GOAL OF THE EXERCISE » Please give only the number of lines in the listing below that contain "styles".

BEGIN MATERIAL TO PROCESS

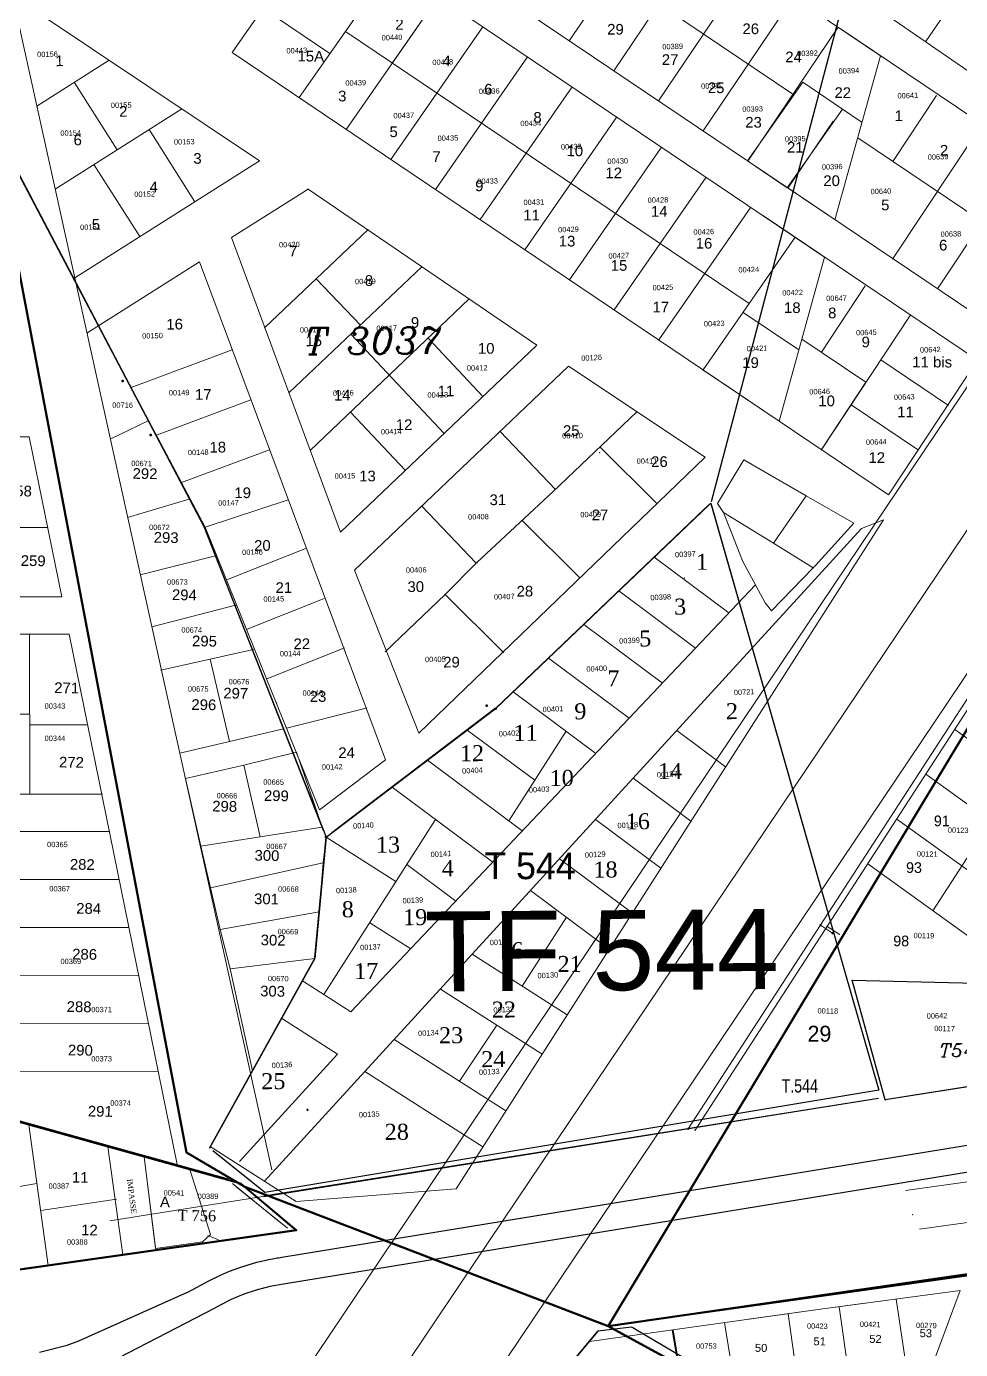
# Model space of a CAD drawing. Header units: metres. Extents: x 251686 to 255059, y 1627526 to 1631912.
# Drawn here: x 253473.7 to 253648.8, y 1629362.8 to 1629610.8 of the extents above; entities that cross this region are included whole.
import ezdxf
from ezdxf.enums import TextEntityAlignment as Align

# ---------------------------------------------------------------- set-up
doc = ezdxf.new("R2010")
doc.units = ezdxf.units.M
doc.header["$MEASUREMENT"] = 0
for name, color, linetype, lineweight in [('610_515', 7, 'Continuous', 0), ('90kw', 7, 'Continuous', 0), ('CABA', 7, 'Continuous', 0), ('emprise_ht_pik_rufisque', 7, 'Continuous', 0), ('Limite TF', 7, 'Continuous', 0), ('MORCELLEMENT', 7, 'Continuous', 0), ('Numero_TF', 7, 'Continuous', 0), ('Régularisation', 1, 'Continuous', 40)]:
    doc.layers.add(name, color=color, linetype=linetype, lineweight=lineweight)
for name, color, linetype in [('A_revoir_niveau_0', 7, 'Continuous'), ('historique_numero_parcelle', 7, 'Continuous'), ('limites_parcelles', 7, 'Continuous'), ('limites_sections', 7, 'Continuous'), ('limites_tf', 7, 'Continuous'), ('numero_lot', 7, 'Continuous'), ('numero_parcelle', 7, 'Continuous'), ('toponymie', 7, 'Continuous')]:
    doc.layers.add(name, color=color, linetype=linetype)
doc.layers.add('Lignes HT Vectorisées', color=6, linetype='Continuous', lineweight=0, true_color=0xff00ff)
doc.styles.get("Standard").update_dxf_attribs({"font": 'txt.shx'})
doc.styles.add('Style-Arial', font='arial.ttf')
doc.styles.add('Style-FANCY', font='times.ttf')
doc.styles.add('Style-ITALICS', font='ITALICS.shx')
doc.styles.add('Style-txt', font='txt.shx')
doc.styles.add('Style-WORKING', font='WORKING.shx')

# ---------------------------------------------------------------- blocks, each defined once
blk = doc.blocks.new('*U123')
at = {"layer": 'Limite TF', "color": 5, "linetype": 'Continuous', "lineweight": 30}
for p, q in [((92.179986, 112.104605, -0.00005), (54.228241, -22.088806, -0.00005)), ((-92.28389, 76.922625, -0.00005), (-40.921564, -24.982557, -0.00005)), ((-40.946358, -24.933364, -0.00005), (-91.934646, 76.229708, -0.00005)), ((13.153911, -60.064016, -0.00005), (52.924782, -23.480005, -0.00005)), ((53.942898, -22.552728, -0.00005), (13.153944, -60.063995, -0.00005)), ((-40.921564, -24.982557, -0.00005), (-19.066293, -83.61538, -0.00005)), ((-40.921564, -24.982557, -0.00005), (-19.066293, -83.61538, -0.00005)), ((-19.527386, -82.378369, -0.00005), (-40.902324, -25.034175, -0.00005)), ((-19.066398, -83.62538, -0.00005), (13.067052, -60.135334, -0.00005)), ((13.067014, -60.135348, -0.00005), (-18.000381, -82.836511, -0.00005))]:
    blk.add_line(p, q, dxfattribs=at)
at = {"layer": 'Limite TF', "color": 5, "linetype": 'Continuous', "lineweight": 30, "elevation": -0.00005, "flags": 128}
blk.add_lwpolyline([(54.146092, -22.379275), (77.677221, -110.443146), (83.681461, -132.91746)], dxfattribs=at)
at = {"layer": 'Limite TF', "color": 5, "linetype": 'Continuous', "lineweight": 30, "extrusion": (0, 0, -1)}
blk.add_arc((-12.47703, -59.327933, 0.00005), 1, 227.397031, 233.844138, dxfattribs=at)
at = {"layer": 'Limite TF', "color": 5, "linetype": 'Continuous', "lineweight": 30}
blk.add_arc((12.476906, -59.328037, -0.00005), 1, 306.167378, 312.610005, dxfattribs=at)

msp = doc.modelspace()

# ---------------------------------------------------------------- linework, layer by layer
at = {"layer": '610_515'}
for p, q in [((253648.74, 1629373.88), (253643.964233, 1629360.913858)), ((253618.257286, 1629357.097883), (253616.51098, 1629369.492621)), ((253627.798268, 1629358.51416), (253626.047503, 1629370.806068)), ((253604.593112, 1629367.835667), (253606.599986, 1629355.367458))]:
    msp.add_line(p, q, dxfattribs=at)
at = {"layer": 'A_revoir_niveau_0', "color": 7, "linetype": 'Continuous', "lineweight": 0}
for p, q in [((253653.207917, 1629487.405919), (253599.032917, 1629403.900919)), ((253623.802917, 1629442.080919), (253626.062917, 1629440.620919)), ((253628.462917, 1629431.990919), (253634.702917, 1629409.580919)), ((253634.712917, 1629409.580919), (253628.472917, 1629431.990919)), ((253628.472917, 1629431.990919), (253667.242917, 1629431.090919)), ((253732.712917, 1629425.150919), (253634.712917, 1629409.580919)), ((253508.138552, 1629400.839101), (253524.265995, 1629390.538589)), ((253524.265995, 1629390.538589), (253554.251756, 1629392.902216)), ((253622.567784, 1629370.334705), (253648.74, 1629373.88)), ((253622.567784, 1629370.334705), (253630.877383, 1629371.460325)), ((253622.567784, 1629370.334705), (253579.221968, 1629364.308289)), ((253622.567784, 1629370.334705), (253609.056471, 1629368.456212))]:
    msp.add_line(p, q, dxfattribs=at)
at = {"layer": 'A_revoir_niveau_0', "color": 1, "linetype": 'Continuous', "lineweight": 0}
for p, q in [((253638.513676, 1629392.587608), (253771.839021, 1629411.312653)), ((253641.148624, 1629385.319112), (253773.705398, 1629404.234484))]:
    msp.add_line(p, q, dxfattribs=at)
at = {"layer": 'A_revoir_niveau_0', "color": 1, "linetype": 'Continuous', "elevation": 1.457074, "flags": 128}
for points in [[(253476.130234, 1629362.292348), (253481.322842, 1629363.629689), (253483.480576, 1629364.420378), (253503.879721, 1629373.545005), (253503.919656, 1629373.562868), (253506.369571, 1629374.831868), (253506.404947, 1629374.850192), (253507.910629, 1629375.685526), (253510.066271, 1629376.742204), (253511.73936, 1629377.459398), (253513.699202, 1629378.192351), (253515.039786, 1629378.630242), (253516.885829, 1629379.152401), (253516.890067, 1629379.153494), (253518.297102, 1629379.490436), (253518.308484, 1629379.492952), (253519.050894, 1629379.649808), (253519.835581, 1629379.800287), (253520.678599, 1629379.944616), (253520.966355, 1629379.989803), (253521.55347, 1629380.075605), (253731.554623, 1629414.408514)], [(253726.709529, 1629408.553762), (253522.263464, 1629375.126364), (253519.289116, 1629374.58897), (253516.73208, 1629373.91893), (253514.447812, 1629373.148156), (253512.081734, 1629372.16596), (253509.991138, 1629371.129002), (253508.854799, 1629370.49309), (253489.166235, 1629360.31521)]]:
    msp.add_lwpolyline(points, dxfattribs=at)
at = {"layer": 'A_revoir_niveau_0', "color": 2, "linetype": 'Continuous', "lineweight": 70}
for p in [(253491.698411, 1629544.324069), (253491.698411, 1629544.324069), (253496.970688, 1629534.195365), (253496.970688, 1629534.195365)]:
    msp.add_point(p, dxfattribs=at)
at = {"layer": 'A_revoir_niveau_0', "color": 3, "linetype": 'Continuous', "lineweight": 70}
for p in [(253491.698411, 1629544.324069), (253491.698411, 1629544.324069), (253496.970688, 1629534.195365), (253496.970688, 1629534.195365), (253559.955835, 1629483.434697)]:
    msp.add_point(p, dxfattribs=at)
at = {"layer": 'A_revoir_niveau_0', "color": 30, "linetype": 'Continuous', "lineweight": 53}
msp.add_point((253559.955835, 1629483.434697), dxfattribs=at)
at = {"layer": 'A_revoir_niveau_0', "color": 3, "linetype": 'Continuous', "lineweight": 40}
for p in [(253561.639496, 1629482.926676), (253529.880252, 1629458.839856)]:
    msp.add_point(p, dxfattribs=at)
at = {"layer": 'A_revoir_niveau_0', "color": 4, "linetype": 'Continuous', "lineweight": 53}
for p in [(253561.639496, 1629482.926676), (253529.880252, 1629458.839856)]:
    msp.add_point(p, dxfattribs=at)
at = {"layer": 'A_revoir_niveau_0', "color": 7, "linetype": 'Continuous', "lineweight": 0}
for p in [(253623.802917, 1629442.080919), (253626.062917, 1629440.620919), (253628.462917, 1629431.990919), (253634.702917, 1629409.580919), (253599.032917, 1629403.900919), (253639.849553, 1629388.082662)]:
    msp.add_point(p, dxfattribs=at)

END MATERIAL TO PROCESS

SOLVED EXERCISE » 6